Ägypten habe ein "berechtigtes Anliegen", kommentierte daraufhin Macron. Anfang Juni schloss sich Frankreich einer von Ägypten geführten Allianz an, die sich gegen die Türkei und Ankaras Politik in der Ägäis und Libyen richtet. Auch Griechenland schloss sich dem Bündnis ab, dem ebenfalls Zypern und die Vereinigten Arabischen Emirate angehören.

Kämpfer der international anerkannten libyschen Regierung. Archivbild.

Von der Interventionsdrohung des ägyptischen Präsidenten zeigt sich Ankara unbeeindruckt. Al-Sisis Aussagen hätten "keine Grundlage", sagte ein hoher türkischer Beamter, der anonym bleiben wollte, am Montag gegenüber Reuters.

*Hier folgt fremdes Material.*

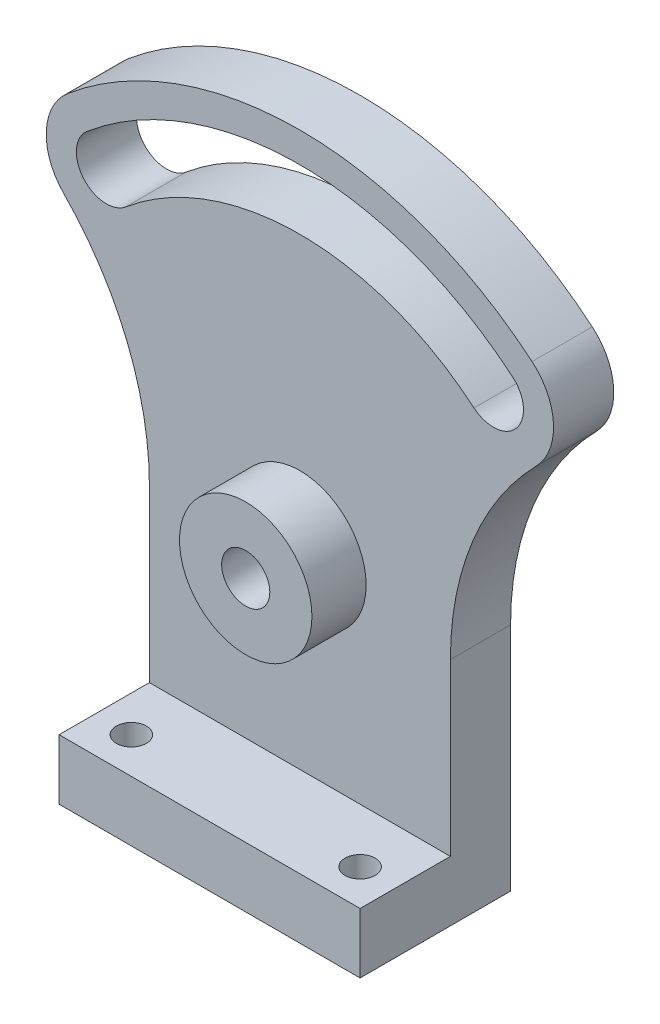
ISO-10303-21;
HEADER;
FILE_DESCRIPTION(('STEP AP214'),'2;1');
FILE_NAME('part.step','',(''),(''),'','','');
FILE_SCHEMA(('AUTOMOTIVE_DESIGN { 1 0 10303 214 1 1 1 1 }'));
ENDSEC;
DATA;
#1=APPLICATION_CONTEXT('core data for automotive mechanical design processes');
#2=APPLICATION_PROTOCOL_DEFINITION('international standard','automotive_design',2000,#1);
#3=PRODUCT_CONTEXT('',#1,'mechanical');
#4=PRODUCT('Part','Part','',(#3));
#5=PRODUCT_RELATED_PRODUCT_CATEGORY('part','',(#4));
#6=PRODUCT_DEFINITION_FORMATION('','',#4);
#7=PRODUCT_DEFINITION_CONTEXT('part definition',#1,'design');
#8=PRODUCT_DEFINITION('design','',#6,#7);
#9=PRODUCT_DEFINITION_SHAPE('','',#8);
#10=(LENGTH_UNIT() NAMED_UNIT(*) SI_UNIT(.MILLI.,.METRE.));
#11=(NAMED_UNIT(*) PLANE_ANGLE_UNIT() SI_UNIT($,.RADIAN.));
#12=(NAMED_UNIT(*) SI_UNIT($,.STERADIAN.) SOLID_ANGLE_UNIT());
#13=UNCERTAINTY_MEASURE_WITH_UNIT(LENGTH_MEASURE(1.E-05),#10,'distance_accuracy_value','');
#14=(GEOMETRIC_REPRESENTATION_CONTEXT(3) GLOBAL_UNCERTAINTY_ASSIGNED_CONTEXT((#13)) GLOBAL_UNIT_ASSIGNED_CONTEXT((#10,
#11,#12)) REPRESENTATION_CONTEXT('',''));
#15=CARTESIAN_POINT('',(0.,0.,0.));
#16=DIRECTION('',(0.,0.,1.));
#17=DIRECTION('',(1.,0.,0.));
#18=AXIS2_PLACEMENT_3D('',#15,#16,#17);
#19=CARTESIAN_POINT('',(25.,0.,25.));
#20=DIRECTION('',(1.,0.,0.));
#21=DIRECTION('',(0.,1.,0.));
#22=AXIS2_PLACEMENT_3D('',#19,#20,#21);
#23=PLANE('',#22);
#24=DIRECTION('',(0.,-1.,0.));
#25=VECTOR('',#24,1.);
#26=CARTESIAN_POINT('',(25.,0.,0.));
#27=LINE('',#26,#25);
#28=CARTESIAN_POINT('',(25.,38.3145180661476,0.));
#29=VERTEX_POINT('',#28);
#30=CARTESIAN_POINT('',(25.,0.,0.));
#31=VERTEX_POINT('',#30);
#32=EDGE_CURVE('E232',#29,#31,#27,.T.);
#33=ORIENTED_EDGE('',*,*,#32,.F.);
#34=DIRECTION('',(0.,0.,-1.));
#35=VECTOR('',#34,1.);
#36=CARTESIAN_POINT('',(25.,38.3145180661476,10.));
#37=LINE('',#36,#35);
#38=CARTESIAN_POINT('',(25.,38.3145180661476,10.));
#39=VERTEX_POINT('',#38);
#40=EDGE_CURVE('E259',#39,#29,#37,.T.);
#41=ORIENTED_EDGE('',*,*,#40,.F.);
#42=DIRECTION('',(0.,-1.,0.));
#43=VECTOR('',#42,1.);
#44=CARTESIAN_POINT('',(25.,0.,10.));
#45=LINE('',#44,#43);
#46=CARTESIAN_POINT('',(25.,10.,10.));
#47=VERTEX_POINT('',#46);
#48=EDGE_CURVE('E199',#39,#47,#45,.T.);
#49=ORIENTED_EDGE('',*,*,#48,.T.);
#50=DIRECTION('',(0.,0.,-1.));
#51=VECTOR('',#50,1.);
#52=CARTESIAN_POINT('',(25.,10.,25.));
#53=LINE('',#52,#51);
#54=CARTESIAN_POINT('',(25.,10.,25.));
#55=VERTEX_POINT('',#54);
#56=EDGE_CURVE('E82',#55,#47,#53,.T.);
#57=ORIENTED_EDGE('',*,*,#56,.F.);
#58=DIRECTION('',(0.,-1.,0.));
#59=VECTOR('',#58,1.);
#60=CARTESIAN_POINT('',(25.,0.,25.));
#61=LINE('',#60,#59);
#62=CARTESIAN_POINT('',(25.,0.,25.));
#63=VERTEX_POINT('',#62);
#64=EDGE_CURVE('E219',#55,#63,#61,.T.);
#65=ORIENTED_EDGE('',*,*,#64,.T.);
#66=DIRECTION('',(0.,0.,-1.));
#67=VECTOR('',#66,1.);
#68=CARTESIAN_POINT('',(25.,0.,25.));
#69=LINE('',#68,#67);
#70=EDGE_CURVE('E113',#63,#31,#69,.T.);
#71=ORIENTED_EDGE('',*,*,#70,.T.);
#72=EDGE_LOOP('',(#33,#41,#49,#57,#65,#71));
#73=FACE_BOUND('',#72,.T.);
#74=ADVANCED_FACE('F74',(#73),#23,.T.);
#75=CARTESIAN_POINT('',(0.,10.,25.));
#76=DIRECTION('',(0.,1.,0.));
#77=DIRECTION('',(-1.,0.,0.));
#78=AXIS2_PLACEMENT_3D('',#75,#76,#77);
#79=PLANE('',#78);
#80=CARTESIAN_POINT('',(-19.,10.,19.));
#81=DIRECTION('',(0.,1.,0.));
#82=DIRECTION('',(0.,0.,1.));
#83=AXIS2_PLACEMENT_3D('',#80,#81,#82);
#84=CIRCLE('',#83,2.49999999999999);
#85=CARTESIAN_POINT('',(-19.,10.,21.5));
#86=VERTEX_POINT('',#85);
#87=EDGE_CURVE('E377',#86,#86,#84,.T.);
#88=ORIENTED_EDGE('',*,*,#87,.F.);
#89=EDGE_LOOP('',(#88));
#90=FACE_BOUND('',#89,.T.);
#91=CARTESIAN_POINT('',(19.,10.,19.));
#92=DIRECTION('',(0.,1.,0.));
#93=DIRECTION('',(0.,0.,1.));
#94=AXIS2_PLACEMENT_3D('',#91,#92,#93);
#95=CIRCLE('',#94,2.49999999999999);
#96=CARTESIAN_POINT('',(19.,10.,21.5));
#97=VERTEX_POINT('',#96);
#98=EDGE_CURVE('E369',#97,#97,#95,.T.);
#99=ORIENTED_EDGE('',*,*,#98,.F.);
#100=EDGE_LOOP('',(#99));
#101=FACE_BOUND('',#100,.T.);
#102=DIRECTION('',(1.,0.,0.));
#103=VECTOR('',#102,1.);
#104=CARTESIAN_POINT('',(0.,10.,10.));
#105=LINE('',#104,#103);
#106=CARTESIAN_POINT('',(-25.,10.,10.));
#107=VERTEX_POINT('',#106);
#108=EDGE_CURVE('E89',#107,#47,#105,.T.);
#109=ORIENTED_EDGE('',*,*,#108,.F.);
#110=DIRECTION('',(0.,0.,-1.));
#111=VECTOR('',#110,1.);
#112=CARTESIAN_POINT('',(-25.,10.,25.));
#113=LINE('',#112,#111);
#114=CARTESIAN_POINT('',(-25.,10.,25.));
#115=VERTEX_POINT('',#114);
#116=EDGE_CURVE('E248',#115,#107,#113,.T.);
#117=ORIENTED_EDGE('',*,*,#116,.F.);
#118=DIRECTION('',(1.,0.,0.));
#119=VECTOR('',#118,1.);
#120=CARTESIAN_POINT('',(0.,10.,25.));
#121=LINE('',#120,#119);
#122=EDGE_CURVE('E222',#115,#55,#121,.T.);
#123=ORIENTED_EDGE('',*,*,#122,.T.);
#124=ORIENTED_EDGE('',*,*,#56,.T.);
#125=EDGE_LOOP('',(#109,#117,#123,#124));
#126=FACE_BOUND('',#125,.T.);
#127=ADVANCED_FACE('F251',(#90,#101,#126),#79,.T.);
#128=CARTESIAN_POINT('',(-25.,0.,25.));
#129=DIRECTION('',(1.,0.,0.));
#130=DIRECTION('',(0.,0.,-1.));
#131=AXIS2_PLACEMENT_3D('',#128,#129,#130);
#132=PLANE('',#131);
#133=DIRECTION('',(0.,-1.,0.));
#134=VECTOR('',#133,1.);
#135=CARTESIAN_POINT('',(-25.,0.,0.));
#136=LINE('',#135,#134);
#137=CARTESIAN_POINT('',(-25.,38.3145180661475,0.));
#138=VERTEX_POINT('',#137);
#139=CARTESIAN_POINT('',(-25.,0.,0.));
#140=VERTEX_POINT('',#139);
#141=EDGE_CURVE('E236',#138,#140,#136,.T.);
#142=ORIENTED_EDGE('',*,*,#141,.T.);
#143=DIRECTION('',(0.,0.,-1.));
#144=VECTOR('',#143,1.);
#145=CARTESIAN_POINT('',(-25.,0.,25.));
#146=LINE('',#145,#144);
#147=CARTESIAN_POINT('',(-25.,0.,25.));
#148=VERTEX_POINT('',#147);
#149=EDGE_CURVE('E244',#148,#140,#146,.T.);
#150=ORIENTED_EDGE('',*,*,#149,.F.);
#151=DIRECTION('',(0.,-1.,0.));
#152=VECTOR('',#151,1.);
#153=CARTESIAN_POINT('',(-25.,0.,25.));
#154=LINE('',#153,#152);
#155=EDGE_CURVE('E227',#115,#148,#154,.T.);
#156=ORIENTED_EDGE('',*,*,#155,.F.);
#157=ORIENTED_EDGE('',*,*,#116,.T.);
#158=DIRECTION('',(0.,-1.,0.));
#159=VECTOR('',#158,1.);
#160=CARTESIAN_POINT('',(-25.,0.,10.));
#161=LINE('',#160,#159);
#162=CARTESIAN_POINT('',(-25.,38.3145180661475,10.));
#163=VERTEX_POINT('',#162);
#164=EDGE_CURVE('E256',#163,#107,#161,.T.);
#165=ORIENTED_EDGE('',*,*,#164,.F.);
#166=DIRECTION('',(0.,0.,-1.));
#167=VECTOR('',#166,1.);
#168=CARTESIAN_POINT('',(-25.,38.3145180661475,10.));
#169=LINE('',#168,#167);
#170=EDGE_CURVE('E324',#163,#138,#169,.T.);
#171=ORIENTED_EDGE('',*,*,#170,.T.);
#172=EDGE_LOOP('',(#142,#150,#156,#157,#165,#171));
#173=FACE_BOUND('',#172,.T.);
#174=ADVANCED_FACE('F386',(#173),#132,.F.);
#175=CARTESIAN_POINT('',(0.,0.,25.));
#176=DIRECTION('',(0.,1.,0.));
#177=DIRECTION('',(-1.,0.,0.));
#178=AXIS2_PLACEMENT_3D('',#175,#176,#177);
#179=PLANE('',#178);
#180=CARTESIAN_POINT('',(-19.,0.,19.));
#181=DIRECTION('',(0.,1.,0.));
#182=DIRECTION('',(-1.,0.,0.));
#183=AXIS2_PLACEMENT_3D('',#180,#181,#182);
#184=CIRCLE('',#183,2.49999999999999);
#185=CARTESIAN_POINT('',(-21.5,0.,19.));
#186=VERTEX_POINT('',#185);
#187=EDGE_CURVE('E373',#186,#186,#184,.T.);
#188=ORIENTED_EDGE('',*,*,#187,.T.);
#189=EDGE_LOOP('',(#188));
#190=FACE_BOUND('',#189,.T.);
#191=CARTESIAN_POINT('',(19.,0.,19.));
#192=DIRECTION('',(0.,1.,0.));
#193=DIRECTION('',(-1.,0.,0.));
#194=AXIS2_PLACEMENT_3D('',#191,#192,#193);
#195=CIRCLE('',#194,2.49999999999999);
#196=CARTESIAN_POINT('',(16.5,0.,19.));
#197=VERTEX_POINT('',#196);
#198=EDGE_CURVE('E365',#197,#197,#195,.T.);
#199=ORIENTED_EDGE('',*,*,#198,.T.);
#200=EDGE_LOOP('',(#199));
#201=FACE_BOUND('',#200,.T.);
#202=DIRECTION('',(1.,0.,0.));
#203=VECTOR('',#202,1.);
#204=CARTESIAN_POINT('',(0.,0.,0.));
#205=LINE('',#204,#203);
#206=EDGE_CURVE('E223',#140,#31,#205,.T.);
#207=ORIENTED_EDGE('',*,*,#206,.T.);
#208=ORIENTED_EDGE('',*,*,#70,.F.);
#209=DIRECTION('',(1.,0.,0.));
#210=VECTOR('',#209,1.);
#211=CARTESIAN_POINT('',(0.,0.,25.));
#212=LINE('',#211,#210);
#213=EDGE_CURVE('E98',#148,#63,#212,.T.);
#214=ORIENTED_EDGE('',*,*,#213,.F.);
#215=ORIENTED_EDGE('',*,*,#149,.T.);
#216=EDGE_LOOP('',(#207,#208,#214,#215));
#217=FACE_BOUND('',#216,.T.);
#218=ADVANCED_FACE('F420',(#190,#201,#217),#179,.F.);
#219=CARTESIAN_POINT('',(0.,0.,25.));
#220=DIRECTION('',(0.,0.,1.));
#221=DIRECTION('',(1.,0.,0.));
#222=AXIS2_PLACEMENT_3D('',#219,#220,#221);
#223=PLANE('',#222);
#224=ORIENTED_EDGE('',*,*,#64,.F.);
#225=ORIENTED_EDGE('',*,*,#122,.F.);
#226=ORIENTED_EDGE('',*,*,#155,.T.);
#227=ORIENTED_EDGE('',*,*,#213,.T.);
#228=EDGE_LOOP('',(#224,#225,#226,#227));
#229=FACE_BOUND('',#228,.T.);
#230=ADVANCED_FACE('F415',(#229),#223,.T.);
#231=CARTESIAN_POINT('',(0.,0.,0.));
#232=DIRECTION('',(0.,0.,1.));
#233=DIRECTION('',(1.,0.,0.));
#234=AXIS2_PLACEMENT_3D('',#231,#232,#233);
#235=PLANE('',#234);
#236=ORIENTED_EDGE('',*,*,#32,.T.);
#237=ORIENTED_EDGE('',*,*,#206,.F.);
#238=ORIENTED_EDGE('',*,*,#141,.F.);
#239=CARTESIAN_POINT('',(-75.,38.3145180661475,0.));
#240=DIRECTION('',(0.,0.,1.));
#241=DIRECTION('',(1.,0.,0.));
#242=AXIS2_PLACEMENT_3D('',#239,#240,#241);
#243=CIRCLE('',#242,50.);
#244=CARTESIAN_POINT('',(-39.2828170702725,73.3042714743153,0.));
#245=VERTEX_POINT('',#244);
#246=EDGE_CURVE('E296',#138,#245,#243,.T.);
#247=ORIENTED_EDGE('',*,*,#246,.T.);
#248=CARTESIAN_POINT('',(-32.139380484327,80.3022221559488,0.));
#249=DIRECTION('',(0.,0.,1.));
#250=DIRECTION('',(1.,0.,0.));
#251=AXIS2_PLACEMENT_3D('',#248,#249,#250);
#252=CIRCLE('',#251,10.);
#253=CARTESIAN_POINT('',(-38.5672565811925,87.9626665871386,0.));
#254=VERTEX_POINT('',#253);
#255=EDGE_CURVE('E292',#254,#245,#252,.T.);
#256=ORIENTED_EDGE('',*,*,#255,.F.);
#257=CARTESIAN_POINT('',(0.,42.,0.));
#258=DIRECTION('',(0.,0.,1.));
#259=DIRECTION('',(1.,0.,0.));
#260=AXIS2_PLACEMENT_3D('',#257,#258,#259);
#261=CIRCLE('',#260,60.);
#262=CARTESIAN_POINT('',(38.5672565811924,87.9626665871386,0.));
#263=VERTEX_POINT('',#262);
#264=EDGE_CURVE('E289',#263,#254,#261,.T.);
#265=ORIENTED_EDGE('',*,*,#264,.F.);
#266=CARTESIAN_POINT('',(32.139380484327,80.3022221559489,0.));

Die Türkei werde sich nicht davon abhalten lassen, Tripolis zu unterstützen.

"Sisi hat weder die Macht noch den Mut, dies zu versuchen", sagte auch der stellvertretende Vorsitzende der Regierungspartei AKP, Yasin Aktay. Er fügte hinzu, dass sich Algerien einer direkten Intervention Ägyptens widersetzen würde, und wies darauf hin, dass die Türkei NATO-Mitglied ist. 

Libyen, einst das wohlhabendste Land Afrikas, wurde im Jahr 2011 in Chaos und Bürgerkrieg gestürzt, nachdem die NATO eine Rebellion gegen die Regierung von Oberst Muammar al-Gaddafi militärisch unterstützt hatte. Seitdem kämpfen verschiedene Milizen um Macht und Einfluss in dem ölreichen Land.